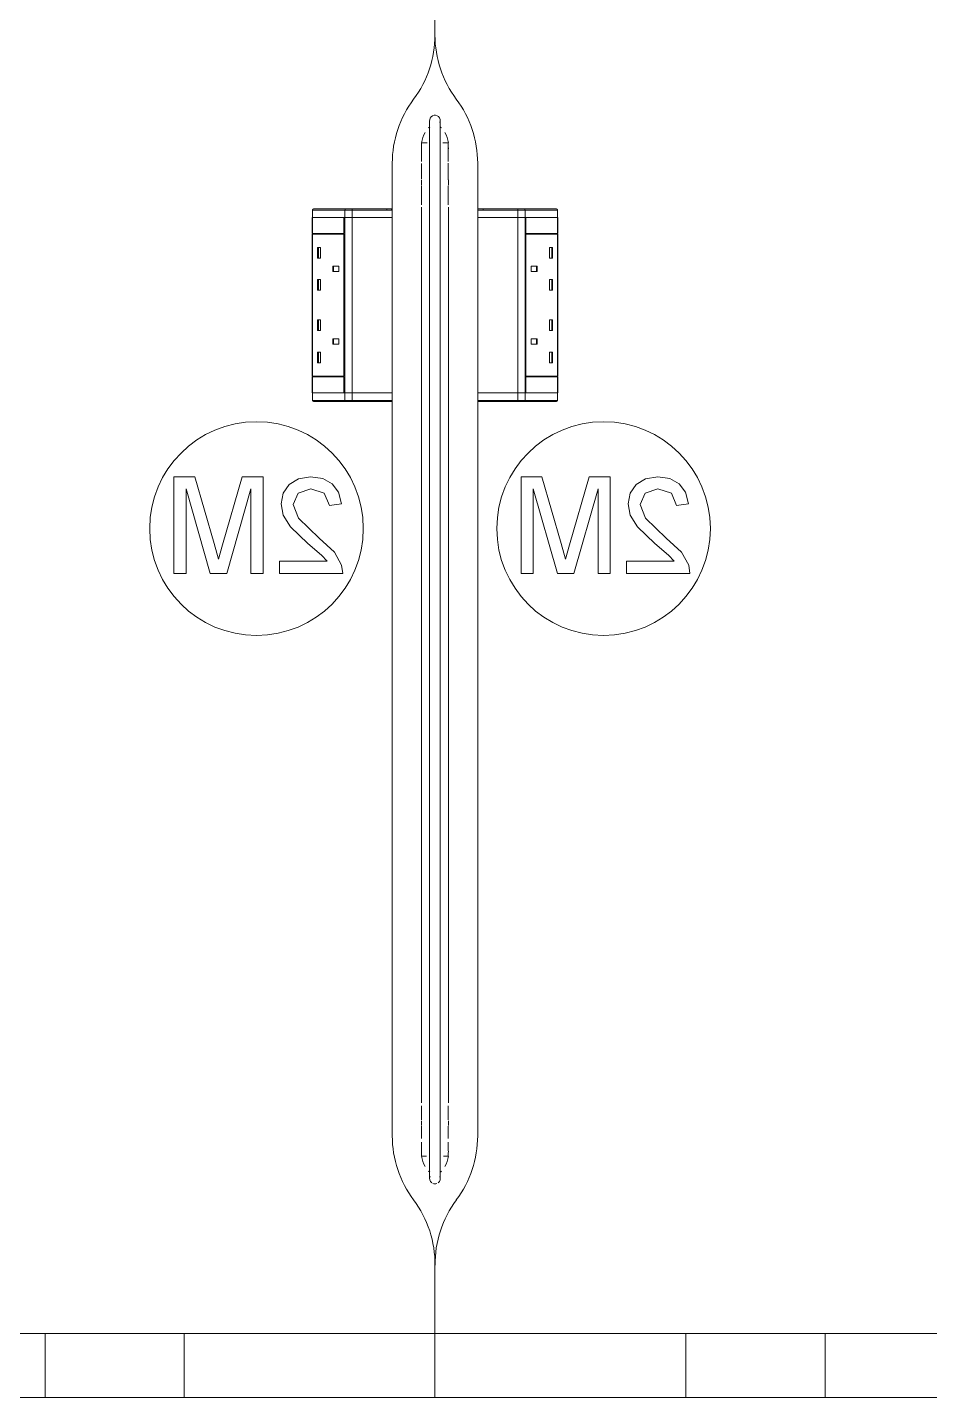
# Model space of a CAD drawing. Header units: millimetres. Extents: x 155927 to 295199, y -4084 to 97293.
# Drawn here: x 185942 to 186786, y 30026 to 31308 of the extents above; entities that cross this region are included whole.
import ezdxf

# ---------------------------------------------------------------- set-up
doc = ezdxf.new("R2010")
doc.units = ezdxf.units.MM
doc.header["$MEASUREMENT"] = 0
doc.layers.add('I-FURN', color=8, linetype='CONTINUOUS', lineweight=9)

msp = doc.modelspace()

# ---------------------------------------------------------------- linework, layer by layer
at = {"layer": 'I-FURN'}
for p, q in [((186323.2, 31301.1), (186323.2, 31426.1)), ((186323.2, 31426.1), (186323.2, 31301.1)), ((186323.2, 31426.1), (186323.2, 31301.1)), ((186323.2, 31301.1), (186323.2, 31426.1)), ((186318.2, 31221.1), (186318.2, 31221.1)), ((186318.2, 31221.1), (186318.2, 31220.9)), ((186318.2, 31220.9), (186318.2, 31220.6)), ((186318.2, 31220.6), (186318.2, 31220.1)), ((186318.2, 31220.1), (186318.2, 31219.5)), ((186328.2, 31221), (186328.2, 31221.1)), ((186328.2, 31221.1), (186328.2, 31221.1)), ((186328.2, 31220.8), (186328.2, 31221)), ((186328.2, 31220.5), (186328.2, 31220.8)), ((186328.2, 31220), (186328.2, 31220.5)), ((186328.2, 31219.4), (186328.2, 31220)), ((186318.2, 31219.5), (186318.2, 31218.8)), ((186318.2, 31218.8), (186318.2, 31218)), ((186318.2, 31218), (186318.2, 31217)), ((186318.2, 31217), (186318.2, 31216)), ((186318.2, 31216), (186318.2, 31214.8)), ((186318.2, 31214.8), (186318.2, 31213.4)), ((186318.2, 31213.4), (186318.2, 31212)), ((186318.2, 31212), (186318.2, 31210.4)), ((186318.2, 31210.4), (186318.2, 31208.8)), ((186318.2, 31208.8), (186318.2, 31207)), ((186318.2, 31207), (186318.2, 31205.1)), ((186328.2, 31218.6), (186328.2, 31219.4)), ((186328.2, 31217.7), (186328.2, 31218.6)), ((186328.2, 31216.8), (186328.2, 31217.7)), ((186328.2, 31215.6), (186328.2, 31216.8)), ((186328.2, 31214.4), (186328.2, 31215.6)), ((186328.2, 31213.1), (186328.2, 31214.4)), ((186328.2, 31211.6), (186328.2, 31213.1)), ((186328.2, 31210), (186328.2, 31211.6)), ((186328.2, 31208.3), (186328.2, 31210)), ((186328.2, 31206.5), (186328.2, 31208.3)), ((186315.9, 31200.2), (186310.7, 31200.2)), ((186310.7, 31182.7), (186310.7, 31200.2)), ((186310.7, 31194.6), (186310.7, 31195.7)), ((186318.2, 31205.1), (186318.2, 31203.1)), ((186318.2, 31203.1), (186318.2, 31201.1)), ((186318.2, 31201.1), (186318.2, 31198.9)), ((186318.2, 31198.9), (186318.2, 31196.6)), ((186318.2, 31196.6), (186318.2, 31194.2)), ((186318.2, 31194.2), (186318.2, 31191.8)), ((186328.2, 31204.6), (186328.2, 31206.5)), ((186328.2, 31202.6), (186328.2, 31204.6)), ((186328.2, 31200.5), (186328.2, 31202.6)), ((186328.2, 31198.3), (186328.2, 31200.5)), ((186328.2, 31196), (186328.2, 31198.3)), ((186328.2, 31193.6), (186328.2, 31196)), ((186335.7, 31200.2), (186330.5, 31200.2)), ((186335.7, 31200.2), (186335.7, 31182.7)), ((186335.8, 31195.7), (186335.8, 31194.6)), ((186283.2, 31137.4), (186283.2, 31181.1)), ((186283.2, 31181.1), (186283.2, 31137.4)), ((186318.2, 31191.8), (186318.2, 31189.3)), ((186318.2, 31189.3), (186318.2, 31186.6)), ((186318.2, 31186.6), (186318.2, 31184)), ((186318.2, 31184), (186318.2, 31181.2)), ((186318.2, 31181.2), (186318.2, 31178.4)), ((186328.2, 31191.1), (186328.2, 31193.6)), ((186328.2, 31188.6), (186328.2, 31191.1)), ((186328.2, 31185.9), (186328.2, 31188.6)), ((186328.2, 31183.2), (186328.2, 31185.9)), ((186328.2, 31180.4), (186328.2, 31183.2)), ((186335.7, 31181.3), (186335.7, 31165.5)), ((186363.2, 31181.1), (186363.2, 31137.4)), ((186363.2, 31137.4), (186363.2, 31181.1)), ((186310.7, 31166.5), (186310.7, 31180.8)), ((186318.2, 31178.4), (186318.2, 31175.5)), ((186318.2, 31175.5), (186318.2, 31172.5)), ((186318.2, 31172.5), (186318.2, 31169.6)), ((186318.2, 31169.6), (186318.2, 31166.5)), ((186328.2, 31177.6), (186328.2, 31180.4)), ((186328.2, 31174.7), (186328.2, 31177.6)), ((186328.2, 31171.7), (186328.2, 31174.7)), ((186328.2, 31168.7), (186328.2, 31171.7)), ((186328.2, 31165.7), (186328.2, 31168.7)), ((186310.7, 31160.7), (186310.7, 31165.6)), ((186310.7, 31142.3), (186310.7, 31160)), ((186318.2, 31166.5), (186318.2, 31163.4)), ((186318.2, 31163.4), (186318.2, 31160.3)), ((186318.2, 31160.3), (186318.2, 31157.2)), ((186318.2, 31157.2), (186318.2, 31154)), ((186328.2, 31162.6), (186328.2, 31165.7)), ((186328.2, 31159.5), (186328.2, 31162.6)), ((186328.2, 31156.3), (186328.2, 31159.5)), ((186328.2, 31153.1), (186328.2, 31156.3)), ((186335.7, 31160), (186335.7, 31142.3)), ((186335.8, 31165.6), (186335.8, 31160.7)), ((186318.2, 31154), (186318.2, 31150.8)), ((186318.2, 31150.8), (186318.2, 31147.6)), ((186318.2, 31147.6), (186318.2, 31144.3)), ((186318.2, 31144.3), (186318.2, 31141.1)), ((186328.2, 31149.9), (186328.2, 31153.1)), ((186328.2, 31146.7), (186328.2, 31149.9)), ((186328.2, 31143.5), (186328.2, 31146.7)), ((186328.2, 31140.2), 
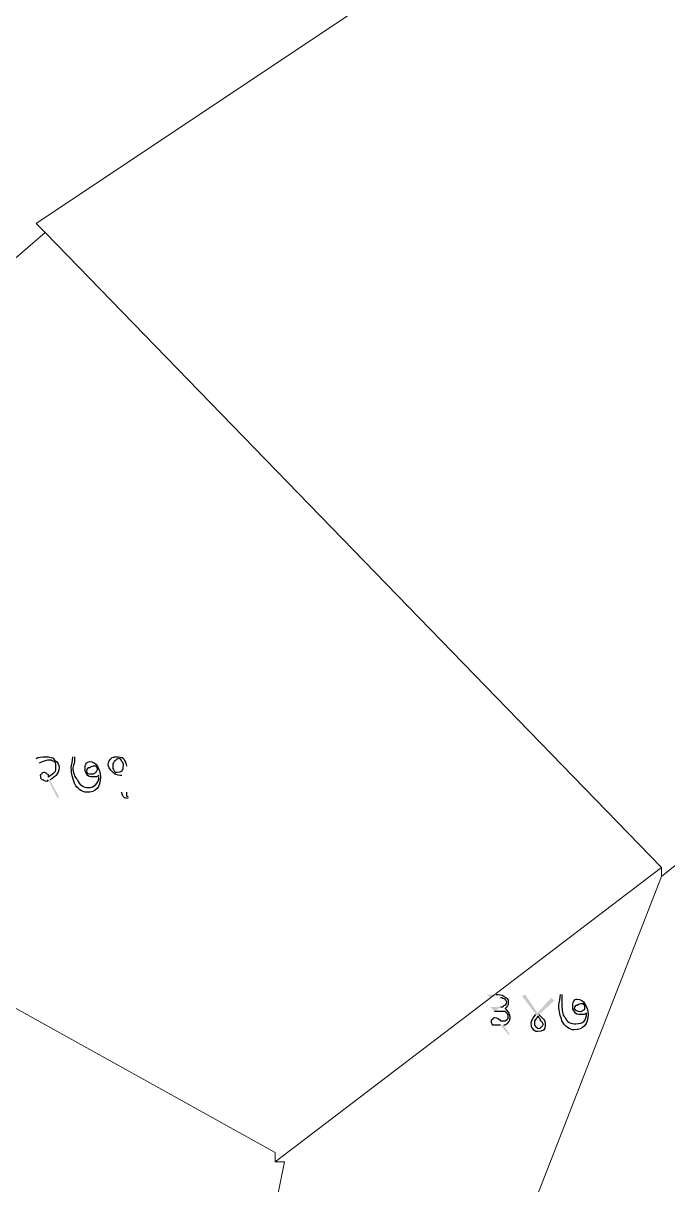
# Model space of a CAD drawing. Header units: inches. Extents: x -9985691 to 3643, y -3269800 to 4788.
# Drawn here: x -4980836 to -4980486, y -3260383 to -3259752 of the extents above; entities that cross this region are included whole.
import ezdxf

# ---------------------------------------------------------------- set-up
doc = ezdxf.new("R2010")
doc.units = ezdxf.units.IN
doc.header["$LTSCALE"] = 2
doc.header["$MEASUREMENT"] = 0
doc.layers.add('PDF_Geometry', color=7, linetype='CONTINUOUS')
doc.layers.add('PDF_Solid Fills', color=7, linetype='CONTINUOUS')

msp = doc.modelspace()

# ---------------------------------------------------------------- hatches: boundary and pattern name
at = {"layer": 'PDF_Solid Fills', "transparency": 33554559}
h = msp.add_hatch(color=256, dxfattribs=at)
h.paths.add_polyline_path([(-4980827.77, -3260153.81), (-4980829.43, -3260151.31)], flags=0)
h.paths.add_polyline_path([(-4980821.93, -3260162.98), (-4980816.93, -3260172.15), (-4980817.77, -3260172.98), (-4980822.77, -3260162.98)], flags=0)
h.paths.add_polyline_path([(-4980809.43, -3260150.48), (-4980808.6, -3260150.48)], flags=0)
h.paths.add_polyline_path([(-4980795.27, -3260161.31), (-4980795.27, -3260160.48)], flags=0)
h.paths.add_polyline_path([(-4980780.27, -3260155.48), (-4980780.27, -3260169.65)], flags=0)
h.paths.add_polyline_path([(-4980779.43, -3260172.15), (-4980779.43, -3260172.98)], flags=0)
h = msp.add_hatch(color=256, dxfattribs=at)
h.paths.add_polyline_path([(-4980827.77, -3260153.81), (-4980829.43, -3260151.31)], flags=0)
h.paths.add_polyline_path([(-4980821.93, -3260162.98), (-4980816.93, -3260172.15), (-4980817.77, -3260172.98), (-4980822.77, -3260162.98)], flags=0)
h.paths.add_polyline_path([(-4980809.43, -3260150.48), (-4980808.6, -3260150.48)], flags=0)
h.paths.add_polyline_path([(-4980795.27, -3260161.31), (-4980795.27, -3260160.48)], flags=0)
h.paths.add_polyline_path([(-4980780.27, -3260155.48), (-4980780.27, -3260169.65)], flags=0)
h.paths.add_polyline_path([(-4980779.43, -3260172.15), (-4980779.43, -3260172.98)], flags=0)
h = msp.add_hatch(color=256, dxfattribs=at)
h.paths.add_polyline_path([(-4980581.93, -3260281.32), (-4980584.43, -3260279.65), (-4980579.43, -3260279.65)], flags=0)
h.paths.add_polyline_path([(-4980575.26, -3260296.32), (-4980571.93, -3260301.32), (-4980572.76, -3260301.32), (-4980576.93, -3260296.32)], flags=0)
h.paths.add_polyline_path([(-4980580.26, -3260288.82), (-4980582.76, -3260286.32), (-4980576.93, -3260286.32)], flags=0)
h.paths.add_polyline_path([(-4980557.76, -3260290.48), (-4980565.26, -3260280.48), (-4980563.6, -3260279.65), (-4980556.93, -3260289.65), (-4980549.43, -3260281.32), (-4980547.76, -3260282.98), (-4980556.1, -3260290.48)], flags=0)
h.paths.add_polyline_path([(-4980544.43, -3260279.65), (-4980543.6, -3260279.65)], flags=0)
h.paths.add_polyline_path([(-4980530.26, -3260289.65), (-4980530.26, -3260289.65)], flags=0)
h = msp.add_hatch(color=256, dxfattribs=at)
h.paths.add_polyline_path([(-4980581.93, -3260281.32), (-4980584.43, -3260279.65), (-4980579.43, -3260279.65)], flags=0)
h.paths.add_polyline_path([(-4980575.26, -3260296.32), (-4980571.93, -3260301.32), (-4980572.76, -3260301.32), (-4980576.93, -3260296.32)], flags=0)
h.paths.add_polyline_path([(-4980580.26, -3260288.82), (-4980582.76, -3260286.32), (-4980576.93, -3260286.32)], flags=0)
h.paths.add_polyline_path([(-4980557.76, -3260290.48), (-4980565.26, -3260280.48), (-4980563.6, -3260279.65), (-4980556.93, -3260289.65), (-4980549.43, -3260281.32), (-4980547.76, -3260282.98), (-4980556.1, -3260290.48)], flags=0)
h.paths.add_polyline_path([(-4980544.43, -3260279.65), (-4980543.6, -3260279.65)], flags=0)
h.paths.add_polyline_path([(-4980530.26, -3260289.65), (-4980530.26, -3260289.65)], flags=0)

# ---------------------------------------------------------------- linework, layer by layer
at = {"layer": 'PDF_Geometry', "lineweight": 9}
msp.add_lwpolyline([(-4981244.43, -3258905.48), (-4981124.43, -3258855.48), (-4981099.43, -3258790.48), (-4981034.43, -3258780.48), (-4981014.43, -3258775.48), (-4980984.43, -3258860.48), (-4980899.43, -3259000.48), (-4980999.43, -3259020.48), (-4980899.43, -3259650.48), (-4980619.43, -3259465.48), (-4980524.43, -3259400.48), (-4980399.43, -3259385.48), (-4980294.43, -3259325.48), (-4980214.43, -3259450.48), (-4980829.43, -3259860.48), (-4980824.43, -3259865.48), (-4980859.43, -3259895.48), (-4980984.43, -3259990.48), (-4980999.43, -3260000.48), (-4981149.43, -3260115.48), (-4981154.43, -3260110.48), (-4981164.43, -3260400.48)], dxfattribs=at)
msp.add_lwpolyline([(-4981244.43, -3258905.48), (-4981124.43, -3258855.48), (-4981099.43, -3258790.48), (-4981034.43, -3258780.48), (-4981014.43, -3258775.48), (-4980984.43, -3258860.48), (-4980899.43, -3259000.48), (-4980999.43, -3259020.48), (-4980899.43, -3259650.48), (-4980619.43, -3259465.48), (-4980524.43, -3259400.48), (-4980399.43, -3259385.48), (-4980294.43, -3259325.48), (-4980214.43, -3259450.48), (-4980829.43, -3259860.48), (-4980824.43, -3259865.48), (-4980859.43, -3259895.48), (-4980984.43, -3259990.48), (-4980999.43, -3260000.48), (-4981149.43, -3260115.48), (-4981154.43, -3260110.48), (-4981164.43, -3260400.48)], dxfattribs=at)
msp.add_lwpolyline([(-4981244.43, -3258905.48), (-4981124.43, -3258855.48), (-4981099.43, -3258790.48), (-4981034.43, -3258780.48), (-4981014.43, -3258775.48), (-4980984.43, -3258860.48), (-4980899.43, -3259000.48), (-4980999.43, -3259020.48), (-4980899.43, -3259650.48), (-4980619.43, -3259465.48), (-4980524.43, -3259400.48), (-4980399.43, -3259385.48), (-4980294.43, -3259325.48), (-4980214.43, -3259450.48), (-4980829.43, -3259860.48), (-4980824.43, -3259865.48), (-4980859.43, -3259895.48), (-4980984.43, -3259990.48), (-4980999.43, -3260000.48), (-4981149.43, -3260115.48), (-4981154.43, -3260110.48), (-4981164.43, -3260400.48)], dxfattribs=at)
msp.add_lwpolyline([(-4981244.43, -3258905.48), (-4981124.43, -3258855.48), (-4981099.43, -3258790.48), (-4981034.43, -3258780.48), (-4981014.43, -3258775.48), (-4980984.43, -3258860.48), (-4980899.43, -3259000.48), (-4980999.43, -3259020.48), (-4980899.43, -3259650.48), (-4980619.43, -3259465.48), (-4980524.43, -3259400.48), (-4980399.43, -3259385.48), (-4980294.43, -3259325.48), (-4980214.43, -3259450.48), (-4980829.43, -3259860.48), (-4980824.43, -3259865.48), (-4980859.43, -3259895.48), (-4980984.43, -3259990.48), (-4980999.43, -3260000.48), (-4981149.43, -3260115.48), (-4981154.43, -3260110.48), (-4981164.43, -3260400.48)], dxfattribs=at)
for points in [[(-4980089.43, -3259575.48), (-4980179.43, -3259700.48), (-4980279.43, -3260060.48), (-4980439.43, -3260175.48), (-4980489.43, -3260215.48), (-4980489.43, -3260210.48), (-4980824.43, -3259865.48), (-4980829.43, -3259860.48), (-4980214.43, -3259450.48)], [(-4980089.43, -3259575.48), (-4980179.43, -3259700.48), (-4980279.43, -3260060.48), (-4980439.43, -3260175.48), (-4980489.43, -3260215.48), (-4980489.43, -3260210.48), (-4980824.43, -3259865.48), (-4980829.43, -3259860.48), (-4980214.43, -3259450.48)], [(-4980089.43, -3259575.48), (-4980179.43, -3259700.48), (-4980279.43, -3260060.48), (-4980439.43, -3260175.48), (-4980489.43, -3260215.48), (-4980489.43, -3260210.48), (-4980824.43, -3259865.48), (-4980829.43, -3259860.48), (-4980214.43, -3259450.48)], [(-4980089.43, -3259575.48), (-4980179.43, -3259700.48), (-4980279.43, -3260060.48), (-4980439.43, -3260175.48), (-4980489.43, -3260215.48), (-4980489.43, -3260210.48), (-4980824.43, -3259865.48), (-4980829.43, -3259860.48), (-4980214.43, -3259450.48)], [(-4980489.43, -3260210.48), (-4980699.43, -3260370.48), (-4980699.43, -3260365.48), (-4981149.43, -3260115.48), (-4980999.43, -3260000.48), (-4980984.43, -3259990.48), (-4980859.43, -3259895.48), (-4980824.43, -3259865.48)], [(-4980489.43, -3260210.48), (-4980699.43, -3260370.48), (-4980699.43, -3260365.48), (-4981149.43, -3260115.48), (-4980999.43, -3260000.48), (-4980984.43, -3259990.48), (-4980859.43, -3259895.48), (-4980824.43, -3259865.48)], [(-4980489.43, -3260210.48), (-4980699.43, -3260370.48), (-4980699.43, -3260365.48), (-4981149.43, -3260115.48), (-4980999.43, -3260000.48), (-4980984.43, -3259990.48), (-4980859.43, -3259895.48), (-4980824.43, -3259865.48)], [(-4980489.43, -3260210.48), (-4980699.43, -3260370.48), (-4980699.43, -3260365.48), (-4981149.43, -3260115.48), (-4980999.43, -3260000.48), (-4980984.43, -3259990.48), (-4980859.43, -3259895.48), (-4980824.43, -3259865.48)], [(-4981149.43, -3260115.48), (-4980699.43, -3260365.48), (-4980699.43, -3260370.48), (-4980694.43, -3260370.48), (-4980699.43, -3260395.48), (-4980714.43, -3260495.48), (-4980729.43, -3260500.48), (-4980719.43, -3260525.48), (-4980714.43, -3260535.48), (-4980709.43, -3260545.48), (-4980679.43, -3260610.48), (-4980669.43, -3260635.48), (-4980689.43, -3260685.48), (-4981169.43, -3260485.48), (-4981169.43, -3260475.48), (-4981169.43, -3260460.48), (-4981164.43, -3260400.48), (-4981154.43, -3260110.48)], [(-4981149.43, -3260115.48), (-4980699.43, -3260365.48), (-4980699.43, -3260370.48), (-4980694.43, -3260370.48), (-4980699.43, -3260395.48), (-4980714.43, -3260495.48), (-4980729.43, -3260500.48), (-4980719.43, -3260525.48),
====
▶ [WHAT TO WORK ON] All lines holding the word "FURN" must be found in the listing and copied.

▶ [EXERCISE SOLUTION]
doc.layers.add('I-FURN', color=8, linetype='CONTINUOUS', lineweight=9)
at = {"layer": 'I-FURN'}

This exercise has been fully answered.